Title - Mr. Popular And I
Author - thefreakoffreaks
Started - 28th July, 2020
Finished - 30th July, 2020
Heart list - 💜🤎》》》》》◇《《《《《
(Before reading)
Same old badboy-goodgirl teenage romance. Why am I getting myself into this when I'm done with these kinda books? Well, honestly I don't know. It's been in my library for a long time. I know it's gonna be cliche, but the fact that I'll be an adult next month gives me major FOMO when it comes to teenfics. College admissions are making me anxious and I want some distraction (when actually I need to focus and sort everything out). Ugh.(While reading)
Now that I think about it this whole badboy-teenfics-obsession is something freaking 2020 did to me. I wasn't reading much wattpad content in 2019 and the amount of reading I did was pretty average. I'd barely read 30 books last year and it's already more than 40 in just seven months. I would like to blame this on my college, tuitions and the board as these books turned out to be a major distraction from all the stress.Bollywood already had done enough damage. But then I started reading these stupid teenfics. I was never fond of living in reality and since I started reading books, I'm far from it. These books have put some major fictional things in my head I'm more afraid to face the reality. I need to stop reading. Seriously.
It's toooooo long man. I've read 33 chapters in last 24 hours and it's barely half of it.
(After reading)
Firstly, if the author is reading this, I'm sorry. I chose the wrong time to read this book. It was unfair to the book to read it when I didn't really want to. Maybe you already figured it out but this is going to be more of a rant than review.Lea's house turns into a pile of bricks due to termites attack and she and her family overnight become homeless. A friend of her father offers them to stay at his house (more like a mantion) who happens to be the father of the popular River Parkar.
I don't want to describe their characters.
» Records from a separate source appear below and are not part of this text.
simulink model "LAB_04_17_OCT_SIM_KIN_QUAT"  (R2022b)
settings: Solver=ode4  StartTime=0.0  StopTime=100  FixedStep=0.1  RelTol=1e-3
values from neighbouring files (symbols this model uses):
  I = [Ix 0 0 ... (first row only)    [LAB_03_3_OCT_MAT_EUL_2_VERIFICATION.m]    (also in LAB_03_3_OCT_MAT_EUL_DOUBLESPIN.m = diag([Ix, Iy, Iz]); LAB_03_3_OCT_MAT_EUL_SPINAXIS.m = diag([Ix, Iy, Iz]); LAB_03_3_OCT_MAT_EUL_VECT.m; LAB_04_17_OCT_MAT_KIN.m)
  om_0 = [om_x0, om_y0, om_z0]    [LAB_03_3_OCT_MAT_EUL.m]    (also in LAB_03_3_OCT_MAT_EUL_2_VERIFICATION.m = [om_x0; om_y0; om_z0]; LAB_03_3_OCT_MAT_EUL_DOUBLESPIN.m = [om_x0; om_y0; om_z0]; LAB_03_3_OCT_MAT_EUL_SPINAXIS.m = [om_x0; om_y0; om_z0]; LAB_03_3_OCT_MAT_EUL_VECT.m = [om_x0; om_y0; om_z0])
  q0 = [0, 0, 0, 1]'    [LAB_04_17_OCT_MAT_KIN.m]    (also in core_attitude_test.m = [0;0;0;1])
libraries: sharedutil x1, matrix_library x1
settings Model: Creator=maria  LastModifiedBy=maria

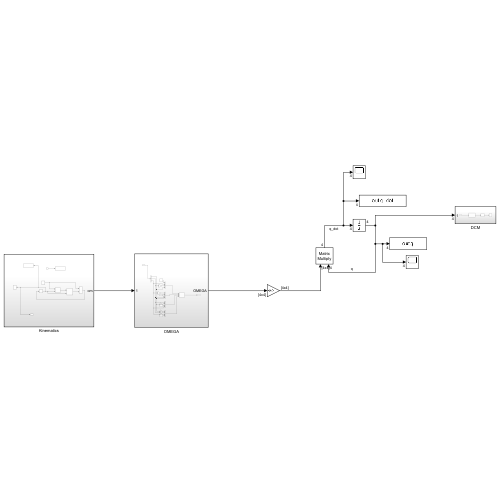
[thumbnail: Simulink's stored preview of the top-level diagram]
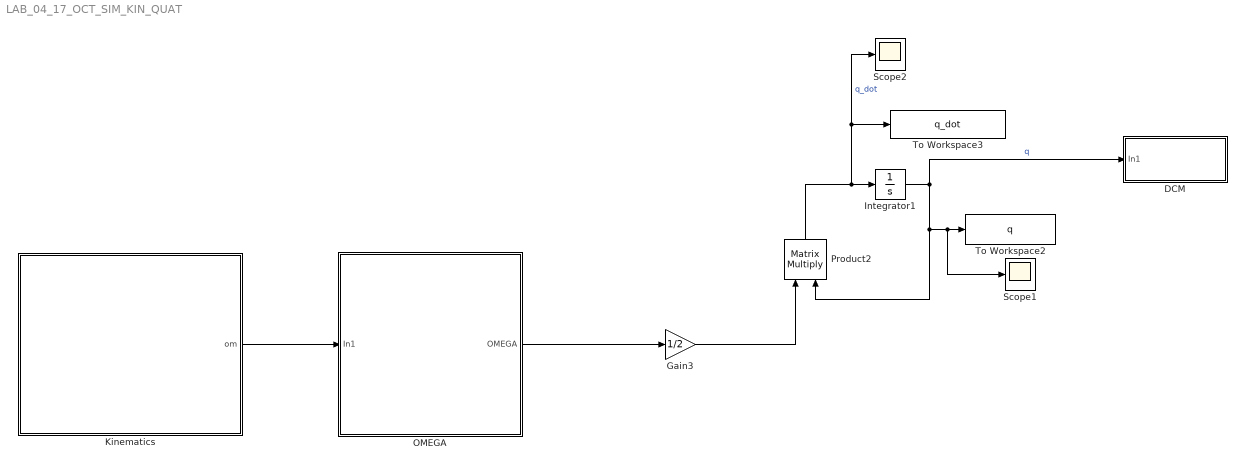
== system LAB_04_17_OCT_SIM_KIN_QUAT ==
  DCM : Subsystem
  Gain3 : Gain  Gain=1/2
  Integrator1 : Integrator  InitialCondition=q0
  Kinematics : Subsystem
  OMEGA : Subsystem
  Product2 : Product  Multiplication=Matrix(*)
  Scope1 : Scope
  Scope2 : Scope
  To Workspace2 : ToWorkspace  VariableName=q  SaveFormat=Timeseries  SampleTime=-1
  To Workspace3 : ToWorkspace  VariableName=q_dot  SaveFormat=Timeseries  SampleTime=-1
  wires:
  Gain3/1 -> Product2/1
  Integrator1/1 -> Product2/2, Scope1/1, To Workspace2/1, DCM/1(In1)  "q"
  Product2/1 -> Scope2/1, To Workspace3/1, Integrator1/1  "q_dot"
  Kinematics/1(om) -> OMEGA/1(In1)
  OMEGA/1(OMEGA) -> Gain3/1

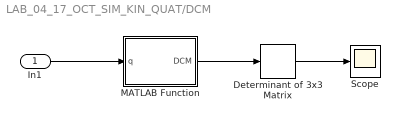
== system LAB_04_17_OCT_SIM_KIN_QUAT/DCM ==
  In1 : Inport
  Determinant of 3x3 Matrix : sharedutil/Determinant of 3x3 Matrix  aMode=aMode
      settings: LibrarySourceBlock=|
      | aerolibutil/Determinant of
      | 3x3 Matrix
  MATLAB Function : MATLAB Function  TreatAsAtomicUnit=on
  Scope : Scope
  wires:
  In1/1 -> MATLAB Function/1(q)
  MATLAB Function/1(DCM) -> Determinant of 3x3 Matrix/1
  Determinant of 3x3 Matrix/1 -> Scope/1

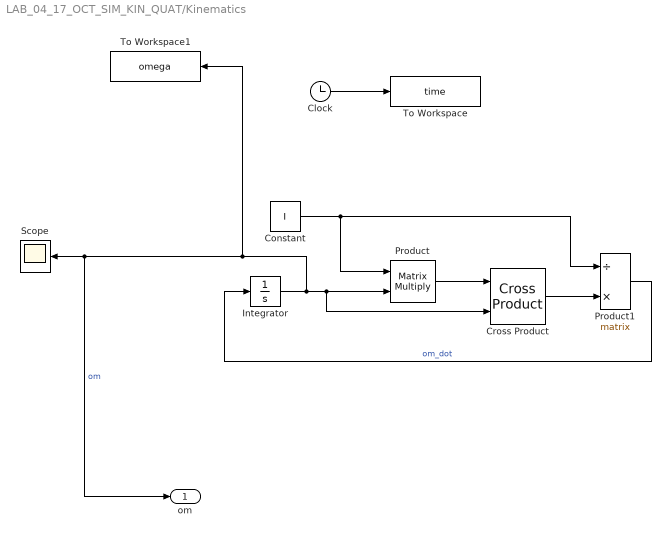
== system LAB_04_17_OCT_SIM_KIN_QUAT/Kinematics ==
  Clock : Clock
  Constant : Constant  Value=I
  Cross Product : matrix_library/Cross Product
  Integrator : Integrator  InitialCondition=om_0
  Product : Product  Multiplication=Matrix(*)
  Product1 : Product  Inputs=/*  Multiplication=Matrix(*)
  Scope : Scope
  To Workspace : ToWorkspace  VariableName=time  SaveFormat=Timeseries  SampleTime=-1
  To Workspace1 : ToWorkspace  VariableName=omega  SampleTime=-1
  om : Outport
  wires:
  Integrator/1 -> To Workspace1/1, om/1, Scope/1, Product/2, Cross Product/2  "om"
  Cross Product/1 -> Product1/2
  Product/1 -> Cross Product/1
  Constant/1 -> Product/1, Product1/1
  Product1/1 -> Integrator/1  "om_dot"
  Clock/1 -> To Workspace/1

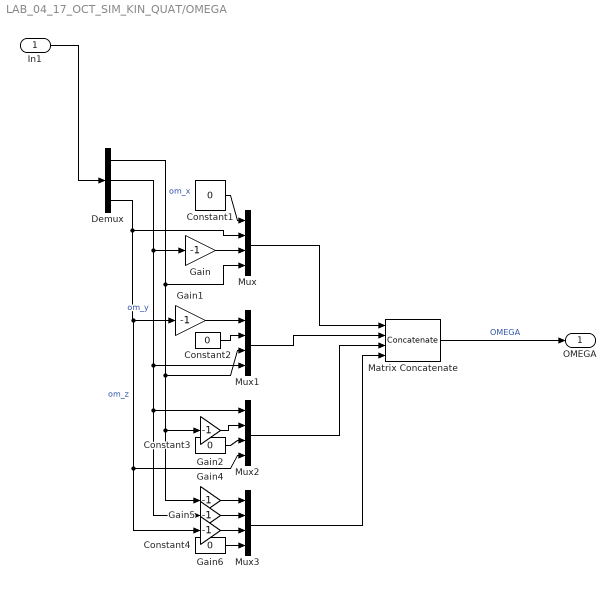
== system LAB_04_17_OCT_SIM_KIN_QUAT/OMEGA ==
  In1 : Inport
  Constant{1..4} (4 alike) : Constant  Value=0
  Demux : Demux  Outputs=3
  Gain{,1..2,4..6} (6 alike) : Gain  Gain=-1
  Matrix Concatenate : Concatenate  NumInputs=4  Mode=Multidimensional array  ConcatenateDimension=2
  Mux{,1..3} (4 alike) : Mux
  OMEGA : Outport
  wires:
  Mux/1 -> Matrix Concatenate/1
  Constant2/1 -> Mux1/2
  Matrix Concatenate/1 -> OMEGA/1  "OMEGA"
  Constant4/1 -> Mux3/4
  Mux1/1 -> Matrix Concatenate/2
  Mux2/1 -> Matrix Concatenate/3
  Constant1/1 -> Mux/1
  Constant3/1 -> Mux2/3
  Demux/3 -> Mux/2, Gain6/1, Mux2/4, Gain1/1  "om_z"
  Gain2/1 -> Mux2/2
  Demux/2 -> Gain5/1, Mux2/1, Mux1/4, Gain/1  "om_y"
  Gain6/1 -> Mux3/3
  Mux3/1 -> Matrix Concatenate/4
  Demux/1 -> Mux/4, Mux1/3, Gain4/1, Gain2/1  "om_x"
  Gain4/1 -> Mux3/1
  Gain/1 -> Mux/3
  Gain1/1 -> Mux1/1
  Gain5/1 -> Mux3/2
  In1/1 -> Demux/1

== matlab function LAB_04_17_OCT_SIM_KIN_QUAT/DCM/MATLAB Function ==
  data: q input; DCM output
function DCM = fcn(q)

q1 = q(1);
q2 = q(2);
q3 = q(3);
q4 = q(4);

DCM = [q1^2-q2^2-q3^2+q4^2, 2*(q1*q2+q3*q4), 2*(q1*q3-q2*q4);
        2*(q1*q2-q3*q4), -q1^2+q2^2-q3^2+q4^2, 2*(q2*q3+q1*q4);
        2*(q1*q3+q2*q4), 2*(q2*q3-q1*q4), -q1^2-q2^2+q3^2+q4^2];

end

It's same old cliche. She's a nerdy, clumsy girl. He's a badboy with all the glorious looks. The exception here is that he has a girlfriend.
If I remember it correctly, it was the cover which caught my eye. And then how many times have I read or watched the male and female leads living in the same place? Not much. So that's how it landed in my library.
To be honest, I wasn't really into the book as I'm with other books. I just wanted to finish it in a day or two. The third day kinda annoyed me and I skipped paragraphs and just finished it. It would have took around five days if I had read it some other time. And I definitely would have liked it more if I'd read it four months back or whenever I first saw it. I guess I'm tired of reading same things again and again.
It was really cliche in first few chapters. Like Lea being attracted to River and him cheating on his girlfriend for her and all. And the complications of relations, my god. River and Emily and their respective parents and then the triangle among Emily, Nick and Ky. My mind was blown when I read it all. I've known only two pairs of twins in my entire life but in books it's as normal as... I can't think of anything, but you get the point, right?
It got so intense and full of drama in second half. If someone who read first few chapters mistakenly opens one of the last, it will be difficult to believe it's the same book. It was not what I'd expected it to be but I'm sure, I would have enjoyed it more only if I had read it on right time. Six years is a long time taken to write a book. The author has definitely improved a lot if we compare the first and last chapter.
I'd randomly opened some chapters and on the length of them I assumed it was short. But I was fooled. It turned out to be so long. Or I felt like that in the rush to finish it. I was up till 4 am the night I started reading. I would be lying if I said I didn't enjoy the book. It was on my mind from the moment I wake up next afternoon until I started reading again. I did overreading again and I hate myself for that.
Although I shouldn't have read it now, I might not have read it in future. With everything happening with the college admissions I don't feel like reading. Shouldn't have forced myself to do that. Reading books is not the same as it was last year. I can't point out exactly how it changed but... I read lesser last year, but I was not pushing myself to do that like I did this time. Maybe reading was not the best solution or I chose the wrong book. Whatever. I'm going to take a break from reading books. Or at least teenfics. Maybe I'll never come back to them. I don't know. I don't know anything.
Okay, I don't think I have anything more to say. The book was good. The four months older version of me would have loved it. Maybe I'll read it again sometime with clear mind.
Hi everyone! Don't have anything much to say. I'm trying to figure out what to do with college. It's a mess.